Sebenarnya pasar induk itu sudah tidak layak untuk ditempati atau dihuni karena umurnya sudah 25 tahun lebih, artinya sudah tidak layak karena memang sebetulnya tidak ada perawatan selama ini.

Lanjut Udin, dan kepada Pemerintah Kota kenapa sewaktu PPKM level 4 ini dilakukan pembongkaran terhadap pasar induk Jodoh.

“Sebelumnya juga sudah pernah dilakukan penertiban namun endingnya tidak ada, kecuali pada saat penertiban sebelumnya langsung dibangun. Jadi masyarakat saat ini kasihan, mereka untuk bertahan hidup saja agak susah dengan kondisi ekonomi yang ambruk seperti ini,” jelas Udin.

Ia mengimbau kepada masyarakat duduk bersamalah antara masyarakat dengan Pemko Batam, masyarakat disana kan ada asosiasi, panggil beberapa perwakilan dari pedagang disana.

“Berikan satu jaminan jika nantinya pasar induk dibangun kembali atau di relokasi kembali utamakan para pedagang yang disana dulu untuk dapat tempat lapak, sehingga bisa terus melanjutkan aktivitasnya,” tambah Udin.

Udin menyebut, ia bukan mau menghambat pembangunan, harus dukung karena memang dibeberapa daerah untuk mencari dana seperti pembangunan ini sulit, mungkin cara dan pendekatannya yang kurang terpuji tidak tepat waktunya.

Diberitakan sebelumnya seorang wanita bernama Friska Ginting (42) dikabarkan meninggal dunia lantaran terkejut melihat alat berat dan tim terpadu yang turun melakukan pembongkaran dan penggusuran pasar induk Jodoh, pada Senin (26/7/2021) kemarin.

Salah satu warga pasar Induk Jodoh, Bony Ginting mengatakan, jika Friska Ginting kaget karena melihat alat berat dan tim terpadu datang ke lokasi pasar induk Jodoh. Padahal belum ada pemberitahuan tentang pembongkaran dan penggusuran tersebut.

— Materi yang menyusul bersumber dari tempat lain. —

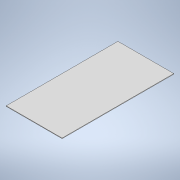
# Autodesk Inventor part: back
Saved by Autodesk Inventor 2021 (Build 250183000, 183)
## iProperties
Created: 2021-03-25
Part Number: back
Material: Generic
Document SubType Name: Modeling
Designer: noori
Density: 1 g/cm^3
Appearance: Default
Author: noori
Autodesk Inventor part; units mm, degrees
ref_plane "YZ Plane" through (0, 0, 0) normal (1, 0, 0) x (0, 1, 0)
ref_plane "XZ Plane" through (0, 0, 0) normal (0, 1, 0) x (-1, 0, 0)
ref_plane "XY Plane" through (0, 0, 0) normal (0, 0, 1) x (1, 0, 0)
sketch "Sketch1" plane through (0, 0, 0) normal (0, 1, 0) x (-1, 0, 0)
  line L0 (200, 400) -> (-200, 400)
  line L1 (-200, 400) -> (-200, -400)
  line L2 (-200, -400) -> (200, -400)
  line L3 (200, -400) -> (200, 400)
  point P0 (0, 0)
  dimension "d0" = 800
  dimension "d1" = 400
  dimension "d2" = 200
  dimension "d3" = 400
  constraints: 8 end point, 2 parallel, 1 horizontal, 1 perpendicular
  measures "d0" distance of L2.end L0.start
  measures "d1" distance of L1.end L2.end
  measures "d2" distance from line of L3 point (0, 0)
  measures "d3" distance from line of L0 point (0, 0)
extrude "Extrusion1" add sketch "Sketch1" along normal blind 4
body "Solid1"
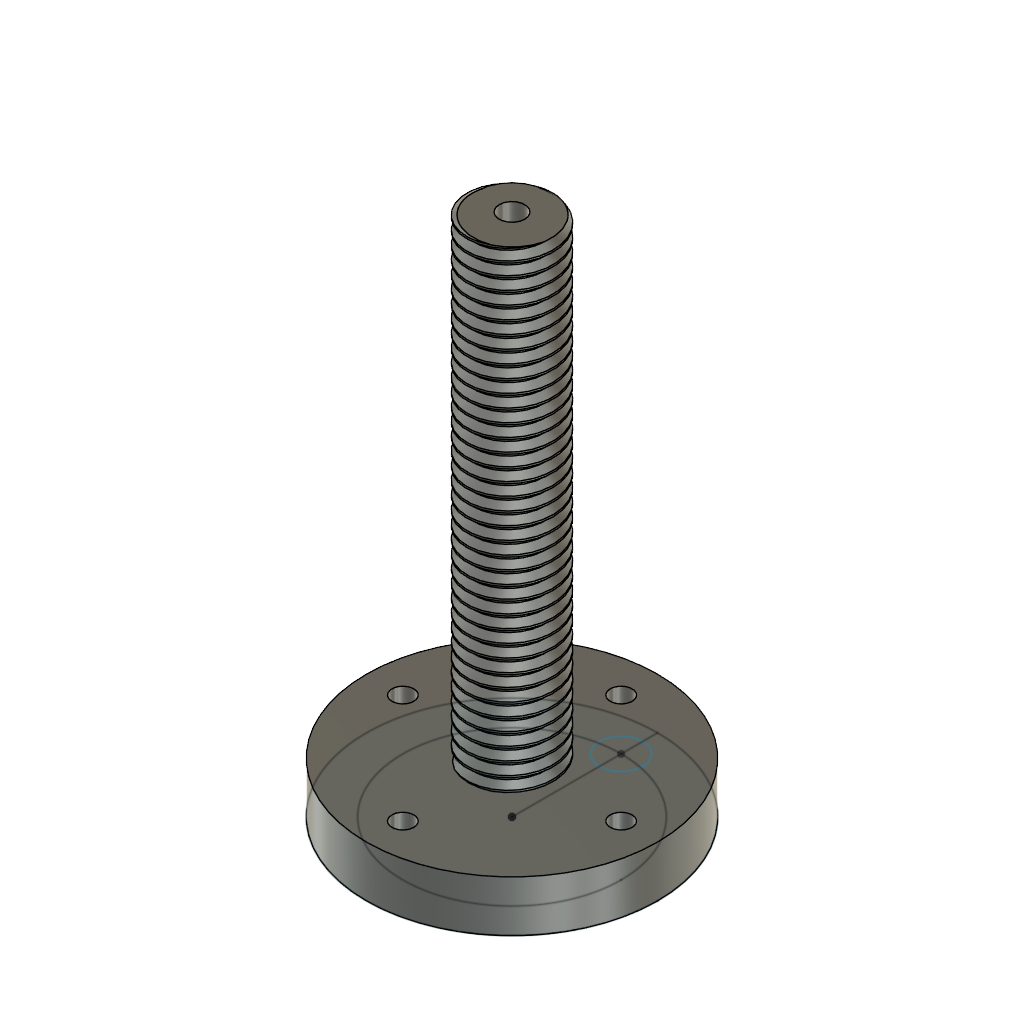
Pastaka_kinnitus_robotile (Autodesk Fusion 360 design; units mm, degrees)
part number: 2026-09-11-19-18-27-527
Autodesk Fusion 360 part; units mm, degrees
note: some values were not read from the file. Set by a fixed rule: which sketch regions a step uses; the direction of a hole.
sketch "Sketch1" plane through (0, 0, 0) normal (0, 0, 1) x (1, 0, 0)
  circle A0 centre (0, 0) radius 20
  line L0 (0, 0) -> (0, 20)
  circle A1 centre (0, 0) radius 15
  circle A2 centre (0, 15) radius 2.9703
  dimension "d1" = 40
  dimension "d2" = 30
  constraint coincident A0.centre L0.start
  constraint coincident A0 L0.end
  constraint vertical L0
  constraint coincident A1 A2.centre
  constraint coincident L0 A2.centre
  measures "d1" diameter of A0
  measures "d2" diameter of A1
extrude "Extrude1" add sketch "Sketch1" along normal blind 7 contours A0 | L0 A1 A2 | A1 A2 | L0 A1 A2 | L0 A1 A2 | L0 A1 A2
hole "Hole1" at (0, 15, 0) direction (0, 0, 1) diameter 3 depth 7 tip angle 118
pattern_circular "C-Pattern1" count 4 over 360 about axis through (0, 0, 1.75) along (0, 0, 1) of "Hole1"
sketch "Sketch2" plane through (0, 0, 7) normal (0, 0, 1) x (-1, 0, 0)
  circle A0 centre (-15, 0) radius 1.5
  circle A1 centre (0, 15) radius 1.5
  circle A2 centre (15, 0) radius 1.5
  circle A3 centre (0, -15) radius 1.5
  circle A4 centre (0, 0) radius 20
  circle A5 centre (0, 0) radius 6
  dimension "d10" = 12
  constraint coincident A4.centre A5.centre
  measures "d10" diameter of A5
extrude "Extrude2" add sketch "Sketch2" along normal blind 65 contours A5
thread "Thread1" "ISO Metric profile 12.0 M12x1.75 M12x1.75 6g" major diameter 11.8335 minor diameter 9.8365 pitch 1.75 angle 60 modelled right hand crest width 0.2518 on face at (-5.9702, 0.5974, 28.6667) crest through (-5.9168, 0, 6.5625)
sketch "Sketch3" plane through (0, 0, 72) normal (0, 0, 1) x (-1, 0, 0)
  circle A0 centre (0, 0) radius 1.75
  spline S0 degree 3 poles (4.9113, -0.2623) (5.009, 0.3795) (4.9782, 1.0342) (4.6661, 2.3201) (4.3788, 2.9365) (3.5734, 4.047) (3.0556, 4.525) (1.8475, 5.2724) (1.164, 5.5268) (-0.046, 5.7279) (-0.552, 5.7436) (-1.5659, 5.6421) (-2.0691, 5.5224) (-2.5504, 5.3388) knots 0 0 0 0 0.194743 0.194743 0.396632 0.396632 0.605663 0.605663 0.821834 0.821834 0.972548 0.972548 1.12654 1.12654 1.12654 1.12654
  arc A1 (-2.5504, 5.3388) -> (-5.7725, 1.2985) centre (0, 0) ccw
  spline S1 degree 3 poles (-5.7725, 1.2985) (-5.878, 0.5497) (-5.8384, -0.2123) (-5.471, -1.6538) (-5.1556, -2.3215) (-4.2974, -3.4763) (-3.7702, -3.9577) (-2.5795, -4.6749) (-1.9322, -4.9117) (-0.8145, -5.0837) (-0.3645, -5.0937) (0.5155, -4.9952) (0.9418, -4.8901) (1.3486, -4.7298) knots 0 0 0 0 0.226861 0.226861 0.446562 0.446562 0.659101 0.659101 0.864475 0.864475 0.999343 0.999343 1.130941 1.130941 1.130941 1.130941
  arc A2 (1.3486, -4.7298) -> (4.9113, -0.2623) centre (0, 0) ccw
  dimension "d15" = 3.5
  constraint coincident A0.centre A1.centre
  measures "d15" diameter of A0
extrude "Extrude3" cut sketch "Sketch3" against normal blind 65 contours A0
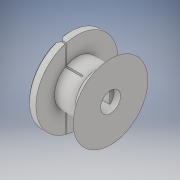
# Autodesk Inventor part: PullingWheel
Saved by Autodesk Inventor 2019 (Build 230136000, 136)
## iProperties
Created: 2018-08-14
Part Number: PullingWheel
Material: Generisch
Document SubType Name: Modeling
Designer: janbe
Density: 1 g/cm^3
Appearance: Vorgabe
Author: janbe
Autodesk Inventor part; units mm, degrees
ref_plane "YZ Plane" through (0, 0, 0) normal (1, 0, 0) x (0, 1, 0)
ref_plane "XZ Plane" through (0, 0, 0) normal (0, 1, 0) x (-1, 0, 0)
ref_plane "XY Plane" through (0, 0, 0) normal (0, 0, 1) x (1, 0, 0)
sketch "Skizze1" plane through (0, 0, 0) normal (0, 0, 1) x (1, 0, 0)
  line L0 (0, 0) -> (11, 0)
  line L1 (11, 0) -> (11, -6)
  line L2 (11, -6) -> (0, -6)
  line L3 (0, -6) -> (0, 0)
  line L4 (0, -6) -> (2, -6)
  line L5 (2, -6) -> (2, -11)
  line L6 (2, -11) -> (0, -11)
  line L7 (0, -11) -> (0, -6)
  line L8 (11, -6) -> (8.5, -6)
  line L9 (7.5, -6) -> (11, -10)
  line L10 (11, -10) -> (11, -6)
  dimension "d0" = 11
  dimension "d1" = 6
  dimension "d2" = 2
  dimension "d3" = 5
  dimension "d5" = 5.5
  dimension "d6" = 4
  constraints: 22 end point, 4 parallel, 3 horizontal, 2 perpendicular, 1 point on line, 1 vertical
  measures "d0" distance of L1.end L2.end
  measures "d1" distance of L0.end L1.end
  measures "d2" distance of L5.end L6.end
  measures "d3" distance between parallel lines of L2 L6
  measures "d5" distance from line of L9.start L5
  measures "d6" distance of L9.end L1.end
revolve "Umdrehung1" add sketch "Skizze1" angle 360 about axis through (0, 0, 0) along (1, 0, 0)
sketch "Skizze3" plane through (11, 0, 0) normal (1, 0, 0) x (0, 0, -1)
  circle A0 centre (0, 0) radius 10 projected
  circle A1 centre (0, 0) radius 11 projected
  circle A2 centre (0.009, 0) radius 2.675
  line L0 (-2.2058, 1.5) -> (2.2239, 1.5)
  line L1 (-2.2058, -1.5) -> (2.2239, -1.5)
  point P0 (17.2536, -1.634)
  dimension "d8" = 5.35
  dimension "d9" = 1.5
  dimension "d10" = 1.5
  constraints: 4 end point, 4 point on circle, 2 coincident, 1 centre point, 1 horizontal, 1 parallel
  measures "d8" diameter of A2
  measures "d9" distance from line of point (0, 0) L0
  measures "d10" distance from line of point (0, 0) L1
extrude "Extrusion1" cut sketch "Skizze3" against normal blind 8.5 contours A2 L1 L0
extrude "Extrusion2" cut sketch "Skizze3" against normal blind 1.7 contours L0 A2 | A2 L1
sketch "Skizze4" plane through (0, 0, 0) normal (-1, 0, 0) x (0, 0, 1)
  circle A0 centre (0, 0) radius 11 projected
  circle A1 centre (0, 0) radius 6 projected
  arc A2 (2.2058, -1.5) -> (2.2058, 1.5) centre (-0.009, 0) ccw projected
  arc A3 (-2.2239, -1.5) -> (2.2058, -1.5) centre (-0.009, 0) ccw projected
  arc A4 (-2.2239, 1.5) -> (-2.2239, -1.5) centre (-0.009, 0) ccw projected
  line L0 (2.2058, 1.5) -> (-2.2239, 1.5) projected
  line L1 (-2.2239, -1.5) -> (2.2058, -1.5) projected
  arc A5 (2.2058, 1.5) -> (-2.2239, 1.5) centre (-0.009, 0) ccw projected
  line L2 (-10.6271, -3.15) -> (10.6271, -3.15)
  line L3 (10.6271, -3.15) -> (10.6271, -2.84)
  line L4 (10.6271, -2.84) -> (-10.6271, -2.84)
  line L5 (-10.6271, -2.84) -> (-10.6271, -3.15)
  circle A6 centre (0, 0) radius 11 projected
  dimension "d15" = 0.31
  dimension "d16" = 2.84
  constraints: 8 end point, 2 parallel, 2 point on circle, 1 horizontal, 1 perpendicular
  measures "d15" distance of L4.end L2.start
  measures "d16" distance from line of point (0, 0) L4
extrude "Extrusion3" cut sketch "Skizze4" against normal blind 6.5 contours L4 A1 L2 A0 | A0 L2 L5 | L3 L2 A0 | A0 L2 A1 L4 | L4 A1 L2
chamfer "Fase1" distance 1 angle 45 2 edges at (0, -2.84, 0) (0, -3.15, 0)
chamfer "Fase2" distance 0.3 angle 45 2 edges at (0, -11, 0) (0, 11, 0)
sketch "Skizze5" plane through (0, 0, 0) normal (0, 1, 0) x (-1, 0, 0)
  circle A0 centre (-4.5, 0) radius 1.8
  line L0 (0, 10.7) -> (0, -10.7) projected
  point P0 (0, 0)
  point P1 (0, -10.5406)
  point P2 (0, 10.5406)
  dimension "d25" = 3.6
  dimension "d26" = 4.5
  constraints: 1 centre point
  measures "d25" diameter of A0
  measures "d26" distance from line of A0.centre L0
extrude "Extrusion4" [suppressed]
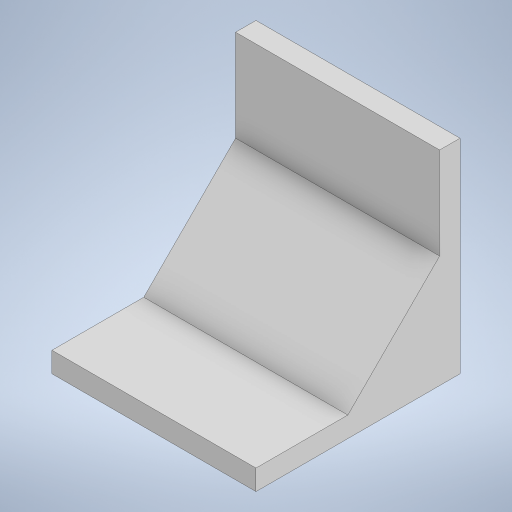
# Autodesk Inventor part: 肋
Saved by Autodesk Inventor 2024.2 (Build 282272000, 272)
## iProperties
Created: 2024-05-02
Part Number: 肋
Material: 一般
Document SubType Name: Modeling
Designer: User
Density: 1 g/cm^3
Appearance: 預設
Author: User
Autodesk Inventor part; units mm, degrees
ref_plane "YZ Plane" through (0, 0, 0) normal (1, 0, 0) x (0, 1, 0)
ref_plane "XZ Plane" through (0, 0, 0) normal (0, 1, 0) x (-1, 0, 0)
ref_plane "XY Plane" through (0, 0, 0) normal (0, 0, 1) x (1, 0, 0)
sketch "草圖1" plane through (0, 0, 0) normal (1, 0, 0) x (0, 1, 0)
  line L0 (0, 0) -> (1, 0)
  line L1 (1, 0) -> (1, 10)
  line L2 (1, 10) -> (0, 10)
  line L3 (0, 10) -> (0, 0)
  line L4 (0, 0) -> (10, 0)
  line L5 (10, 0) -> (10, 1)
  line L6 (10, 1) -> (0, 1)
  line L7 (0, 1) -> (0, 0)
  point P0 (1, 1)
  dimension "d0" = 1
  dimension "d1" = 10
  dimension "d2" = 10
  dimension "d3" = 1
  constraints: 16 end point, 4 parallel, 2 horizontal, 2 perpendicular
  measures "d0" distance of L2.end L1.end
  measures "d1" distance of L1.end L0.end
  measures "d2" distance of L6.end L5.end
  measures "d3" distance of L5.end L4.end
extrude "擠出1" add sketch "草圖1" along normal blind 5 and the other way blind 5
sketch "草圖3" plane through (0, 0, 0) normal (1, 0, 0) x (0, 1, 0)
  line L0 (1, 1) -> (1, 10) projected
  line L1 (1, 5.5) -> (5.5, 1)
  line L2 (10, 1) -> (1, 1) projected
  point P0 (0, 0)
  dimension "d9" = 45
  constraints: 2 end point, 2 midpoint
  measures "d9" angle of L2 L1
extrude "肋1" add sketch "草圖3" along normal mid plane 10 rib yes fills toward (3.2146, 3.2146) open curves L1

“Sebelumnya kita sudah menggelar rapat dengar pendapat (RDP) dengan DPRD Kota Batam, namun saat RDP belum ada instruksi untuk melakukan penggusuran pasar induk Jodoh,” ucap Bony.

Bony menambahkan, saat kejadian pihaknya tidak mendapat bantuan medis dari tim terpadu, namun keluarga berinisiatif untuk mengangkat jasad Friska Ginting.

“Tidak ada sama sekali bantuan dari tim medis, ini murni warga yang mengangkat jenazah. Kita meminta pertanggungjawaban dari Kadisperindag sebab mereka tidak melakukan koordinasi dengan warga untuk melakukan penggusuran,” jelas Bony.

Pihaknya mempertanyakan mengapa di tengah pemerintah memberlakukan PPKM malah melakukan pembongkaran dan penggusuran yang mengundang banyak orang berkumpul.

“Kita meminta pertanggungjawaban Gustian Riau selaku penanggung jawab kegiatan penggusuran ini,” pungkasnya.

Atas adanya musibah tersebut, dari hasil pantauan kegiatan pembongkaran dan penggusuran pasar induk Jodoh dihentikan sementara.